A lo largo de la historia, diversas culturas hasta nuestros días han utilizado el silencio para acudir a la relajación, la recapacitación y la evasión de la rutina. Por otro lado, la música roza el lado emocional y sentimental del ser humano para teñirlo y ambientarlo de recuerdos y experiencias, tanto únicas como pasajeras. Aunque ¿no es cierto que existen semejanzas en los usos que se le dan al silencio respecto a la música y que ambos se perciben de la misma forma? El hecho innegable de que algo los une surge con la intervención del concepto ‘sonido’.
Hasta donde entendemos, a la música podemos escucharla, en cambio, el silencio parte de la abstinencia sonora o musical. Pero antes deberíamos reparar en algo, ¿qué es la música? ¿Dónde se encuentra? Si la definición oficial es “ El arte de vincular los sonidos en el tiempo”, se entiende que cualquier sonido desarrollado por un objeto o de la forma adecuada y que guarde patrones rítmicos, melódicos y/o armónicos, es teoría para comprender la evolución de la música en cada rincón del mundo.
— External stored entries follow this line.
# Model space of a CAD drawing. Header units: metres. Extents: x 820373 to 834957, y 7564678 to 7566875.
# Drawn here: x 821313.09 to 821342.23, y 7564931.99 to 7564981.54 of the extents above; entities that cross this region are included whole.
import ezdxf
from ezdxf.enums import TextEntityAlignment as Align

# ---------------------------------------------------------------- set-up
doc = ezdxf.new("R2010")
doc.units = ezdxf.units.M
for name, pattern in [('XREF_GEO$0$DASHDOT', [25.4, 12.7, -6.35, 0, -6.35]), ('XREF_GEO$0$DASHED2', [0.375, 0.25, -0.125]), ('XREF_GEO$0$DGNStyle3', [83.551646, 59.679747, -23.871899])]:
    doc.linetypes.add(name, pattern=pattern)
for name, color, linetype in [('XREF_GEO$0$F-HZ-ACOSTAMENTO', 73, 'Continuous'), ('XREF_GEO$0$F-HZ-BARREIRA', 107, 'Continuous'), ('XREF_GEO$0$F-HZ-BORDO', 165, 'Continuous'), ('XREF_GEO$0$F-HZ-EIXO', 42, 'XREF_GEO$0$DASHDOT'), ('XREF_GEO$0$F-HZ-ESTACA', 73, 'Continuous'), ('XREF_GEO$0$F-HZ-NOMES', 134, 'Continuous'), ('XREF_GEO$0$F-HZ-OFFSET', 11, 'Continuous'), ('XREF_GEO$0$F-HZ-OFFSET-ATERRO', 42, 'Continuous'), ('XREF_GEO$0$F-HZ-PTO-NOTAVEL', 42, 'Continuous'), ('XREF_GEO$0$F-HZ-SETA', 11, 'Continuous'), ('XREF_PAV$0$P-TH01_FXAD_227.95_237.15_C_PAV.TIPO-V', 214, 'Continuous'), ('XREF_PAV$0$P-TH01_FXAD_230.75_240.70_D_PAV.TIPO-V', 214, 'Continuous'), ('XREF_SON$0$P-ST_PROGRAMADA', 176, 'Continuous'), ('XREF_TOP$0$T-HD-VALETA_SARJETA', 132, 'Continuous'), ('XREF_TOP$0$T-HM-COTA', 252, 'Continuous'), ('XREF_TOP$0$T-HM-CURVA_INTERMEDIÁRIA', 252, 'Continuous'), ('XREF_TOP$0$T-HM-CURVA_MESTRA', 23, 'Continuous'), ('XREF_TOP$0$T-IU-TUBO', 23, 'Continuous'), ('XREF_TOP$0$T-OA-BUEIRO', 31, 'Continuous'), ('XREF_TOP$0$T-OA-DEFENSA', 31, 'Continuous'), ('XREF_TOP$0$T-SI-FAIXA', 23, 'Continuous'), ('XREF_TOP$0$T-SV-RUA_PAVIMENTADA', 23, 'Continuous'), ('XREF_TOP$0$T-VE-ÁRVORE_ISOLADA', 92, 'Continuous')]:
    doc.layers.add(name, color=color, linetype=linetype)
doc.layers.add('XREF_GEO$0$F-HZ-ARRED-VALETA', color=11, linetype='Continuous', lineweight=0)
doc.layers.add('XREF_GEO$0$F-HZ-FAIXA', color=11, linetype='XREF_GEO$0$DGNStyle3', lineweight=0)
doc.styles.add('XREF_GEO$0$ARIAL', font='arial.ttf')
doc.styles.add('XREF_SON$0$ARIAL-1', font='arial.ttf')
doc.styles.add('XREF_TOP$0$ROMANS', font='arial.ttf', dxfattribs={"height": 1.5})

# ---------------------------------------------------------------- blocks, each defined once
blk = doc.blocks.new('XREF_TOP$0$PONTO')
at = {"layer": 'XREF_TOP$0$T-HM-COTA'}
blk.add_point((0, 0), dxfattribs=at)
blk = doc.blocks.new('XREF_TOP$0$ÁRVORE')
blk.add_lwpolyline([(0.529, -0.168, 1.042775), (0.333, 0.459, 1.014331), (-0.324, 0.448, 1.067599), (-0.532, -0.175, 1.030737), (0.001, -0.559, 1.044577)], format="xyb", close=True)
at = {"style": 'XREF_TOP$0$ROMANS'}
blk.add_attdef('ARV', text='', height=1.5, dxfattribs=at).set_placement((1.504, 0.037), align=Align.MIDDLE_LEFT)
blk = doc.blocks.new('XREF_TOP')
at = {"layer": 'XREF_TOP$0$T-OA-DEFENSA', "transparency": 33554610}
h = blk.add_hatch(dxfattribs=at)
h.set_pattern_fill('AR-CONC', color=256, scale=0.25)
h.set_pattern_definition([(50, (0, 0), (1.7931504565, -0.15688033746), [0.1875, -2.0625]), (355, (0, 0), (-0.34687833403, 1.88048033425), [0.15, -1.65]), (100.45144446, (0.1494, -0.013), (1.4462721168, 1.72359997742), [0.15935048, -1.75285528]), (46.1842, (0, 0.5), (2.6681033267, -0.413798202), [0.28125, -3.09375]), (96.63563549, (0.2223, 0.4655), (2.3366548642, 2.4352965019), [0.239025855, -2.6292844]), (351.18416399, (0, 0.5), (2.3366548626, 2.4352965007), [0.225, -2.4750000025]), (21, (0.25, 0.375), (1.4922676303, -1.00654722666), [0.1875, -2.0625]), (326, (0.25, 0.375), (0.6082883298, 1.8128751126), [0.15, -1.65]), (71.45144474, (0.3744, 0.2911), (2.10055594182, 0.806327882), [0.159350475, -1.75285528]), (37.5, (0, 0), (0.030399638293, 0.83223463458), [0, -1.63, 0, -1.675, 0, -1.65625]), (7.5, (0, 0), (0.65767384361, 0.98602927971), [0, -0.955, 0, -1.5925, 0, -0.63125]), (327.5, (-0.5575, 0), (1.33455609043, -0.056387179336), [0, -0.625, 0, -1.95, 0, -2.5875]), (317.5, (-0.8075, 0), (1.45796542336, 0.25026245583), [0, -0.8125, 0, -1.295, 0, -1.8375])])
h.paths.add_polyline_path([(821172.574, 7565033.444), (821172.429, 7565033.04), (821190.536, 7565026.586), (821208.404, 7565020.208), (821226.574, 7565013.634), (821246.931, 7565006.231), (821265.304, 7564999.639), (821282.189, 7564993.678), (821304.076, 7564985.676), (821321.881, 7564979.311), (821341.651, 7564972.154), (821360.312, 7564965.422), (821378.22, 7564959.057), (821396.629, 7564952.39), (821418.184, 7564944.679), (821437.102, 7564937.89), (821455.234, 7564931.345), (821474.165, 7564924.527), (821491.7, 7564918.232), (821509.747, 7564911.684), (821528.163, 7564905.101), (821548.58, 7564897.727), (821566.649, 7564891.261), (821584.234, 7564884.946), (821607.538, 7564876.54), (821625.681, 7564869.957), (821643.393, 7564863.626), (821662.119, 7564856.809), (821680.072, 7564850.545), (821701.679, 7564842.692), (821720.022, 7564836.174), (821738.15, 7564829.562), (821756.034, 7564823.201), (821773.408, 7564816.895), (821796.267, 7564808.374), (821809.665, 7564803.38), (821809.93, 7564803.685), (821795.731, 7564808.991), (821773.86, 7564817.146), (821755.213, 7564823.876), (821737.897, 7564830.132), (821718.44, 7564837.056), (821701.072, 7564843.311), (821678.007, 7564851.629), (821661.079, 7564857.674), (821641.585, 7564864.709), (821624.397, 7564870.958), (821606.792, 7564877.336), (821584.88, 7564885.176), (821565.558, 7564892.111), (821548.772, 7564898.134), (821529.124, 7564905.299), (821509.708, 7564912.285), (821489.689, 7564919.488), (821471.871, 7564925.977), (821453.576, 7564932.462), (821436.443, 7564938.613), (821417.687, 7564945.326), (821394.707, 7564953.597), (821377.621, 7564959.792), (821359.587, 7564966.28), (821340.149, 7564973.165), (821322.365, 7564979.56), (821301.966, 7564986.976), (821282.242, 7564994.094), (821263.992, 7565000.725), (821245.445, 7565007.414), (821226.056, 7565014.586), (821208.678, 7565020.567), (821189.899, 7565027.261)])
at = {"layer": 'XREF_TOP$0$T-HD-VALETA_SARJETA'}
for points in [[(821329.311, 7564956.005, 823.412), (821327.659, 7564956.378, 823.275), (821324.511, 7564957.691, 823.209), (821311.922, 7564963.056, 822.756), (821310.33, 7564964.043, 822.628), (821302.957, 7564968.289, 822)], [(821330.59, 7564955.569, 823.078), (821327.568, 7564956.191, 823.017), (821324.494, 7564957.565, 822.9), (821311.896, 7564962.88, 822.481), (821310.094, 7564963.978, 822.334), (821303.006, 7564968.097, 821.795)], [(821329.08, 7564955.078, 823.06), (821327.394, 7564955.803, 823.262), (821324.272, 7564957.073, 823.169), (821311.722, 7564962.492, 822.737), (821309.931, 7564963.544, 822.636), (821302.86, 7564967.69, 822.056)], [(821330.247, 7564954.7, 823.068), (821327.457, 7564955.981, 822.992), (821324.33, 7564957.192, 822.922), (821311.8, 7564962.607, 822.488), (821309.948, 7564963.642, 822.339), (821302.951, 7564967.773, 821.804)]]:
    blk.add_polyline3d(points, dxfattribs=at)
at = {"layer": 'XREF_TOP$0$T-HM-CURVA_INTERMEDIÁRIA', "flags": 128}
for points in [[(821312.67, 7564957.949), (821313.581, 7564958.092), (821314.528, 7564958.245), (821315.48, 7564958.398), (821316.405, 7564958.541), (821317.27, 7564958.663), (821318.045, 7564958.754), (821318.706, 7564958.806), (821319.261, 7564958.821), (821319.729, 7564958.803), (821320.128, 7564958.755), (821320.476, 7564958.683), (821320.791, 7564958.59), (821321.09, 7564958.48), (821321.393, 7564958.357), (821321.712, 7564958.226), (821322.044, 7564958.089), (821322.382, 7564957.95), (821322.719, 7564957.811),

En consecuencia, la música está en el ser vivo. El corazón posee un sonido rítmico que acompaña a tu estado físico en este momento. La respiración sigue el mismo orden y gracias al oído podemos comprender el sonido de ese aire que nuestras vías respiratorias generan hacia el exterior. Los ojos se abren y cierran mientras lees estas palabras de forma sincrónica y siguiendo un encargo motriz de tus directrices. Si por el contrario estuvieras incapacitado de la vista y el oído, podrías sentir las vibraciones del aire de tus pulmones mientras que estas letras serían degustadas con uno de los mayores emblemas y legados del hombre: sus manos.
Partiendo de algo tan básico, vemos cómo el ser humano está impregnado de música ni las incapacidades físicas más retorcidas que tratan de apartar a nuestro ser de ella pueden conseguirlo. Ni mucho menos todo acaba aquí, más bien todo lo contrario. Abrir nuestros sentidos ante la naturaleza que nos rodea, despierta en nosotros un mundo cargado de música evocada por nuestros artificios, por la tierra y sus recintos, tildados con sonoridades peculiares, especiales y personalizadas de cada uno de ellos. Todas esas fuentes de sonido han despertado las inquietudes y emociones del ser humano desde su primera etapa de evolución y desarrollo, haciéndole acoger una sensibilidad única y pura que le ha llevado a convivir con ella a lo largo de toda su vida de forma inherente.
Este vínculo asociado a la naturaleza del ser humano ha hecho de la música una necesidad para nuestra especie por varios pilares fundamentales: el raciocinio melódico, rítmico y armónico que influye en el aprendizaje de nuestras acciones mecánicas cotidianas, como caminar, correr y respirar; su presencia en nuestra expresión tonal a través de la voz permitiéndonos una comunicación expresiva que despierta a la tristeza, la alegría, la rabia; y su influencia en nuestra forma de sentir según qué impactos sonoros sean puestos en contacto con nuestro cuerpo, como la aceleración de nuestro ritmo cardíaco cuando escuchamos aquella canción que nos trae recuerdos emocionantes.
Por lo tanto, se puede observar que la música facilita nuestra coordinación física y mental, que incide en nuestro comportamiento orgánico y que influye en uno de los aspectos sociales de la comunicación más importantes como lo es la expresión tonal. Pero, ¿y el silencio? Siguiendo la pauta lógica, el silencio es todo aquello que no podemos percibir, el pacto social que desarrollamos para hacer una pausa en esa coma o punto y aparte.
Es aquel del que se suele disfrutar cuando queremos aislarnos de nuestro entorno para encontrarnos con nosotros mismos. Solo que, ¿es cierto todo lo que creemos sobre él? El compositor e instrumentista del siglo XX John Milton Cage, investigó a fondo las particularidades del ruido y, en concreto, del silencio, con la idea de descubrir los entresijos del mismo. Todo terminó, o más bien empezó para él, cuando entró en una sala construida para absorber todo tipo de ondas acústicas y electromagnéticas con el objetivo de alcanzar el silencio absoluto. Resultó una tarea imposible, pues lo único que percibió fue el sonido de la sangre bombeando su corazón.
Si nuestro organismo está en constante funcionamiento creando sonidos rítmicos y sincronizados, se entiende que la música está dentro de nosotros y que el silencio no es plausible para los organismos vivos. Sin embargo, sí es apto para existir de forma complementaria como término racional en cada cultura, enlazada al sentimiento y a la emoción del momento en el que lo percibimos. Por ende, es posible disfrutar de ese momento de evasión alejados del ruido o del bullicio, de la relajación o de la recapacitación. Simplemente, lo hacemos en conjunción con la música de nuestro organismo.